The answer must consist only of the lines from the line with "bfSim.ReceiverLayout.Angle = 6" to the line with "settings DataIOCC: SignalLogging=off", both included, exactly as they stand below.

◆ Saved data entries ◆
- - - -
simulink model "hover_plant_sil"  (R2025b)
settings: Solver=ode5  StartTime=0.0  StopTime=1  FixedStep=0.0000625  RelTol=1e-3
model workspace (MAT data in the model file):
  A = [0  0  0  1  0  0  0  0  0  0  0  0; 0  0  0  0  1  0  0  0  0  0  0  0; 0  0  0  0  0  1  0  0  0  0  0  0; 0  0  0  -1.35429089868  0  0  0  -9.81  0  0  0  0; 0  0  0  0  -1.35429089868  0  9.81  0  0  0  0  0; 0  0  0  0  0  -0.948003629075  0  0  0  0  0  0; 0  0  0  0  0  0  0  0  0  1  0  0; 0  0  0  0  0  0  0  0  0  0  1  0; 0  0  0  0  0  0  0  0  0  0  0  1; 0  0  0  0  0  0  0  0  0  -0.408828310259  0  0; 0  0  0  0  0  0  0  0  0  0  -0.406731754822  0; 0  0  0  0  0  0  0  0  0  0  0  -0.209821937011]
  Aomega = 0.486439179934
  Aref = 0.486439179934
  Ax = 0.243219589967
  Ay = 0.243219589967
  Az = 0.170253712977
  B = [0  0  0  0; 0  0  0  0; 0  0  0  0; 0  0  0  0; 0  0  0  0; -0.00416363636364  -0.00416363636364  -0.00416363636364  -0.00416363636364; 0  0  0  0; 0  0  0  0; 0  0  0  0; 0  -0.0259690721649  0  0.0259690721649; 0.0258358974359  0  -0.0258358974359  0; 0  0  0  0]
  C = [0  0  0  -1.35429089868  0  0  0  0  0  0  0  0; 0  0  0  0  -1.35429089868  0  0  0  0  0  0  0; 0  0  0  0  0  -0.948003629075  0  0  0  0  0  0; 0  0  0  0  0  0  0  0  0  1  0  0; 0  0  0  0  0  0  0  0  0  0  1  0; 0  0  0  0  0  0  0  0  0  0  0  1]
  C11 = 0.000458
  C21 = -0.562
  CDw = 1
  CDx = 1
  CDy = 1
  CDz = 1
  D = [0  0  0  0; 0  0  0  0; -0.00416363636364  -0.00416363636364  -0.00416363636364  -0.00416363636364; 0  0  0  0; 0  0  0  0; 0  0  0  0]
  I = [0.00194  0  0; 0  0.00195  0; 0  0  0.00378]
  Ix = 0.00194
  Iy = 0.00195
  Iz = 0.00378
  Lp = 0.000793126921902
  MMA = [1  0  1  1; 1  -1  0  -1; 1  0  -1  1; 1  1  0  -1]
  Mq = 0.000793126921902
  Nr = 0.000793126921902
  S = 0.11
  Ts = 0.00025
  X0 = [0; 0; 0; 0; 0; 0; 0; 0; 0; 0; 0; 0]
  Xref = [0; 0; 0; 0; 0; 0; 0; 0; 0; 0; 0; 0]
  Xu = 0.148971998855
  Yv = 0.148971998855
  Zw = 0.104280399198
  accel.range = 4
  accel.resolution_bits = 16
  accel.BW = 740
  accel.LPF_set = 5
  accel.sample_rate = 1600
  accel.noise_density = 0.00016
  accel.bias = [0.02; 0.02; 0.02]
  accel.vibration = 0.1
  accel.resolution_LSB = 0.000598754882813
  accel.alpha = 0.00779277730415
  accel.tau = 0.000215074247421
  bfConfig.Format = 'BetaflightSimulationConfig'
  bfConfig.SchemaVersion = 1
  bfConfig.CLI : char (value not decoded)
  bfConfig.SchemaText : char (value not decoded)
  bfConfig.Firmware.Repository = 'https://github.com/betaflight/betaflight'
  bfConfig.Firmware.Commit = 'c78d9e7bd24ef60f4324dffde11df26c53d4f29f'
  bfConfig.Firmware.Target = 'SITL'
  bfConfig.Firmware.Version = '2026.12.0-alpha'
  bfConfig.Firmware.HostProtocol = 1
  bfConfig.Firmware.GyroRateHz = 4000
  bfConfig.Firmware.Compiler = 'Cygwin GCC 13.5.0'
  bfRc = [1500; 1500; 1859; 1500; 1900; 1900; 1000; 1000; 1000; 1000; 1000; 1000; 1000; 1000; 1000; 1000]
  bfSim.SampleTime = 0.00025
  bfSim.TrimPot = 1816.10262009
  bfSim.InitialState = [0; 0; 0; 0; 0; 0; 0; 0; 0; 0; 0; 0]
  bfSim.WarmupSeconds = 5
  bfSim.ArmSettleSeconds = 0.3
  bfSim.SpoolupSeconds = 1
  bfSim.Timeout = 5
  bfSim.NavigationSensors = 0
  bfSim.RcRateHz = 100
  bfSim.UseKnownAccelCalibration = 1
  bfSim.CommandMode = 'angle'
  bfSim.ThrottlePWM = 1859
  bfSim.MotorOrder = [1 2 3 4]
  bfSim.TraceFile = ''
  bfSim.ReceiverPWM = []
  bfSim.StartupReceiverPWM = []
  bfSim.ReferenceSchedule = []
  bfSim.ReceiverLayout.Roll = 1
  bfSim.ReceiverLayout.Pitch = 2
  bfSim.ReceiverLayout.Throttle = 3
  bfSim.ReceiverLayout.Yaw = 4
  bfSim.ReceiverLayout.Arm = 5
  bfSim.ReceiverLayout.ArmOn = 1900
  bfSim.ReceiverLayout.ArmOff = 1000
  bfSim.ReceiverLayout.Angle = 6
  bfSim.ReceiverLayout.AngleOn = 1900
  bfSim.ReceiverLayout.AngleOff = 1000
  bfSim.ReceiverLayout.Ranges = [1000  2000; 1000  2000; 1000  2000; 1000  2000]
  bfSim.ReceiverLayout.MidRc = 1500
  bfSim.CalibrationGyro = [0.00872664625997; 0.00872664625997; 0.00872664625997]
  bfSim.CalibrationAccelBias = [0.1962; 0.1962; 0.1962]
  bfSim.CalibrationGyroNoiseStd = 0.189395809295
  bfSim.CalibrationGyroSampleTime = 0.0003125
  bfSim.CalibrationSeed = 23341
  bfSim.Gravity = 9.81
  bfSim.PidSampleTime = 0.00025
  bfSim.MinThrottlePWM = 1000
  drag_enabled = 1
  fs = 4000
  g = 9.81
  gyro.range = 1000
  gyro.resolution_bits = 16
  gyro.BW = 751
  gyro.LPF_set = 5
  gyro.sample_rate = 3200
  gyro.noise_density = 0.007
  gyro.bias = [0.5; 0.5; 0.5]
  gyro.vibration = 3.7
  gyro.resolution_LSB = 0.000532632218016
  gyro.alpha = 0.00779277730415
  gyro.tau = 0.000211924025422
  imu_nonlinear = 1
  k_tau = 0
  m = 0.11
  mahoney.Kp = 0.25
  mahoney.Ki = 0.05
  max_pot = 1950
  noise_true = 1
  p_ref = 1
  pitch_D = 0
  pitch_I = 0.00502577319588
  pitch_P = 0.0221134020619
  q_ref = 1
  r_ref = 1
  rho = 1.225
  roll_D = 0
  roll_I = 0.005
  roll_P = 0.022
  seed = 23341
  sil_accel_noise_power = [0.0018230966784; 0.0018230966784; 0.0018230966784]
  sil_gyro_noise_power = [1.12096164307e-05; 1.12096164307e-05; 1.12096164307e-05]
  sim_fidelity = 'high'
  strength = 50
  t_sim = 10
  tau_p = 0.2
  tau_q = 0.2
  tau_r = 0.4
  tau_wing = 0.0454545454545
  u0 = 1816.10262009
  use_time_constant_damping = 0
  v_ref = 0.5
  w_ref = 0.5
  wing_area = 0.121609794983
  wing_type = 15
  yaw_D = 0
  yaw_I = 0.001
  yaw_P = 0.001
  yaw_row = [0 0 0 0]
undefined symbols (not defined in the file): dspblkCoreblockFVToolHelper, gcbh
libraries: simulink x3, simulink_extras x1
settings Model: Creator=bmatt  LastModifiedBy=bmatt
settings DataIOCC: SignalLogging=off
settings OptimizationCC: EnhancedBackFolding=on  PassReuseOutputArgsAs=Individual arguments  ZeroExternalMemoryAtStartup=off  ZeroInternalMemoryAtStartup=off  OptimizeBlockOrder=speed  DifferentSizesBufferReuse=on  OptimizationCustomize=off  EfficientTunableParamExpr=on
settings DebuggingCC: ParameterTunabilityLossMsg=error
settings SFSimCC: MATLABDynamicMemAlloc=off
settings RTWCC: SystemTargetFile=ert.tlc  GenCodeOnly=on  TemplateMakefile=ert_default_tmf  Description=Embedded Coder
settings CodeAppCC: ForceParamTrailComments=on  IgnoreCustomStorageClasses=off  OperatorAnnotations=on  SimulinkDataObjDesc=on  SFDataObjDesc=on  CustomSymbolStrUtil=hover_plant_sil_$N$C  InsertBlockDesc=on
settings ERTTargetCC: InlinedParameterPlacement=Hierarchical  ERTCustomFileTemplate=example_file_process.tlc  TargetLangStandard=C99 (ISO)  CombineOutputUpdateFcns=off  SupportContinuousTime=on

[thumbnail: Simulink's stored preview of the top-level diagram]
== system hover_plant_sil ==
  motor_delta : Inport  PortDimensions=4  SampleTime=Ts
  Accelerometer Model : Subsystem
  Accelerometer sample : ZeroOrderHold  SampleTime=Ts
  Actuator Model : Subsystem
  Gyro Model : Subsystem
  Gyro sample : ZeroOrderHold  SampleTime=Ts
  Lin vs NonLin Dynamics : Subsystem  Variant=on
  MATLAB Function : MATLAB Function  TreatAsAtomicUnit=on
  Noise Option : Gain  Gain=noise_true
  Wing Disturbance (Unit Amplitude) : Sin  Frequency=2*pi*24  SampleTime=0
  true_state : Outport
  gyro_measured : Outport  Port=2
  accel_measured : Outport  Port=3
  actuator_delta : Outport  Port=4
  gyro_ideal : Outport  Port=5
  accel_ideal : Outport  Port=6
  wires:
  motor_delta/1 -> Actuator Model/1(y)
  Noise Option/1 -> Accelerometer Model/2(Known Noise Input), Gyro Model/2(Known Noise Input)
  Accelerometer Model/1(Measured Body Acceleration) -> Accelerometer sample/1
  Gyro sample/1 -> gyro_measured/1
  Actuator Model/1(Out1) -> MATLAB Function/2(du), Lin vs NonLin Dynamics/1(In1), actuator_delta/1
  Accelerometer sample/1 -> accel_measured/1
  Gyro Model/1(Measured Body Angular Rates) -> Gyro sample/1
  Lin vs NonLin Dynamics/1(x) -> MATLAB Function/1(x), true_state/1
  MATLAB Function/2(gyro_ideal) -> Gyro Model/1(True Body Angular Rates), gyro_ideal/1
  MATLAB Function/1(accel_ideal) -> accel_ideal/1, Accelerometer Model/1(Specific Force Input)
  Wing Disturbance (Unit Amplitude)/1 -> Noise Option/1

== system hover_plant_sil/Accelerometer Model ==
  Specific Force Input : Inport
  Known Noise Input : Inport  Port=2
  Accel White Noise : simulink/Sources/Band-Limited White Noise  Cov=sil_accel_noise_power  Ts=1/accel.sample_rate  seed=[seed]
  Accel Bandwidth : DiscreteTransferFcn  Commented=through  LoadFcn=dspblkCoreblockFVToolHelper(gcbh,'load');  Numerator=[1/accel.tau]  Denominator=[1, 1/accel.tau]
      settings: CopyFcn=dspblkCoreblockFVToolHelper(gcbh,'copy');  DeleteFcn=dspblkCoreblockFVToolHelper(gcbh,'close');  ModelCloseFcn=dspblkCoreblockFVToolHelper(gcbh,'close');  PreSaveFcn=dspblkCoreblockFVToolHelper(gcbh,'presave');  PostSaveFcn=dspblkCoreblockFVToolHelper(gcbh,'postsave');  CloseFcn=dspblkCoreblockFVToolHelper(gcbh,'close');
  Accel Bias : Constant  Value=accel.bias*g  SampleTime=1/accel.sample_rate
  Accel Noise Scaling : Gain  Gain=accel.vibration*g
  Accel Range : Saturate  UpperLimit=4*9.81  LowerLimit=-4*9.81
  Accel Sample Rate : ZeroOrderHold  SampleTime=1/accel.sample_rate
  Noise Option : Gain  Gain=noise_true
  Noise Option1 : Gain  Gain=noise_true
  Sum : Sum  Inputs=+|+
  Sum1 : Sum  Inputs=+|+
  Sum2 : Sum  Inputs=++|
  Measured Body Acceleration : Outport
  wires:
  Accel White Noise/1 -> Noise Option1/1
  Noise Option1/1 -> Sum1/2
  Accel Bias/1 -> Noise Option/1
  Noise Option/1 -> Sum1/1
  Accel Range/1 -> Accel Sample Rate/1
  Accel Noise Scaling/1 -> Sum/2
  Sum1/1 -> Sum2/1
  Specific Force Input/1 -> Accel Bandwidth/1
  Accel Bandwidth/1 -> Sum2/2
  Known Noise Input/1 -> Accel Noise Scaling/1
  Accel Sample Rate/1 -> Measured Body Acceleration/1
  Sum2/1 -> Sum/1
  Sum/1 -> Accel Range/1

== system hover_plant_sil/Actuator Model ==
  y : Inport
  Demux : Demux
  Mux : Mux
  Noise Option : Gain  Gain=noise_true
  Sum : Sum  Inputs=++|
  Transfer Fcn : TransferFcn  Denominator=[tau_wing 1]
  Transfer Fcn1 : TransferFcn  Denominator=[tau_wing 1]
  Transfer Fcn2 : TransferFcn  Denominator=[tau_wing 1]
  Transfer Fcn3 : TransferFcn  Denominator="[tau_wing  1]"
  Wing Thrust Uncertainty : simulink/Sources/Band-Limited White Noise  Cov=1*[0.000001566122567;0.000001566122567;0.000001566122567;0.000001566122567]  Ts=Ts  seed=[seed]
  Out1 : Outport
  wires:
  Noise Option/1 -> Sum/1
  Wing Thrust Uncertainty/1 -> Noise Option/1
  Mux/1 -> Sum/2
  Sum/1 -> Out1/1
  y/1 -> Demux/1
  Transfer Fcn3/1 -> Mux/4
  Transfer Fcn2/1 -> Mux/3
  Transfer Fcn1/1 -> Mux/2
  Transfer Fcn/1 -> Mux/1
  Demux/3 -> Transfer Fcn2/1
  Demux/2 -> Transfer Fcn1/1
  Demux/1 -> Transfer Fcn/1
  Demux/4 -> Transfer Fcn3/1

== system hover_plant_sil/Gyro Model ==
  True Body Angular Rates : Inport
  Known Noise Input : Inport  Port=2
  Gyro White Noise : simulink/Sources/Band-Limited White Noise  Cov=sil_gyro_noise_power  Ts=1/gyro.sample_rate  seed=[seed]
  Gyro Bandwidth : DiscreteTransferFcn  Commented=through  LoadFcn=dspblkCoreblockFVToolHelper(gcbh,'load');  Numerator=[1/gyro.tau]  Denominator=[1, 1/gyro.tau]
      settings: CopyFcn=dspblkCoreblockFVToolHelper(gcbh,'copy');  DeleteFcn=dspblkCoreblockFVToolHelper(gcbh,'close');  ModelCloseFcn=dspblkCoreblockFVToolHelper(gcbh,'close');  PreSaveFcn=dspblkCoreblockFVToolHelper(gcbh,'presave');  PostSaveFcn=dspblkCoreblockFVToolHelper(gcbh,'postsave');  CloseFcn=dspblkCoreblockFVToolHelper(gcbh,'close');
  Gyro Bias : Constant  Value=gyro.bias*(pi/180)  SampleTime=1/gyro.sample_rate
- - - -
◆ REPLY TO THE TASK ◆
  bfSim.ReceiverLayout.Angle = 6
  bfSim.ReceiverLayout.AngleOn = 1900
  bfSim.ReceiverLayout.AngleOff = 1000
  bfSim.ReceiverLayout.Ranges = [1000  2000; 1000  2000; 1000  2000; 1000  2000]
  bfSim.ReceiverLayout.MidRc = 1500
  bfSim.CalibrationGyro = [0.00872664625997; 0.00872664625997; 0.00872664625997]
  bfSim.CalibrationAccelBias = [0.1962; 0.1962; 0.1962]
  bfSim.CalibrationGyroNoiseStd = 0.189395809295
  bfSim.CalibrationGyroSampleTime = 0.0003125
  bfSim.CalibrationSeed = 23341
  bfSim.Gravity = 9.81
  bfSim.PidSampleTime = 0.00025
  bfSim.MinThrottlePWM = 1000
  drag_enabled = 1
  fs = 4000
  g = 9.81
  gyro.range = 1000
  gyro.resolution_bits = 16
  gyro.BW = 751
  gyro.LPF_set = 5
  gyro.sample_rate = 3200
  gyro.noise_density = 0.007
  gyro.bias = [0.5; 0.5; 0.5]
  gyro.vibration = 3.7
  gyro.resolution_LSB = 0.000532632218016
  gyro.alpha = 0.00779277730415
  gyro.tau = 0.000211924025422
  imu_nonlinear = 1
  k_tau = 0
  m = 0.11
  mahoney.Kp = 0.25
  mahoney.Ki = 0.05
  max_pot = 1950
  noise_true = 1
  p_ref = 1
  pitch_D = 0
  pitch_I = 0.00502577319588
  pitch_P = 0.0221134020619
  q_ref = 1
  r_ref = 1
  rho = 1.225
  roll_D = 0
  roll_I = 0.005
  roll_P = 0.022
  seed = 23341
  sil_accel_noise_power = [0.0018230966784; 0.0018230966784; 0.0018230966784]
  sil_gyro_noise_power = [1.12096164307e-05; 1.12096164307e-05; 1.12096164307e-05]
  sim_fidelity = 'high'
  strength = 50
  t_sim = 10
  tau_p = 0.2
  tau_q = 0.2
  tau_r = 0.4
  tau_wing = 0.0454545454545
  u0 = 1816.10262009
  use_time_constant_damping = 0
  v_ref = 0.5
  w_ref = 0.5
  wing_area = 0.121609794983
  wing_type = 15
  yaw_D = 0
  yaw_I = 0.001
  yaw_P = 0.001
  yaw_row = [0 0 0 0]
undefined symbols (not defined in the file): dspblkCoreblockFVToolHelper, gcbh
libraries: simulink x3, simulink_extras x1
settings Model: Creator=bmatt  LastModifiedBy=bmatt
settings DataIOCC: SignalLogging=off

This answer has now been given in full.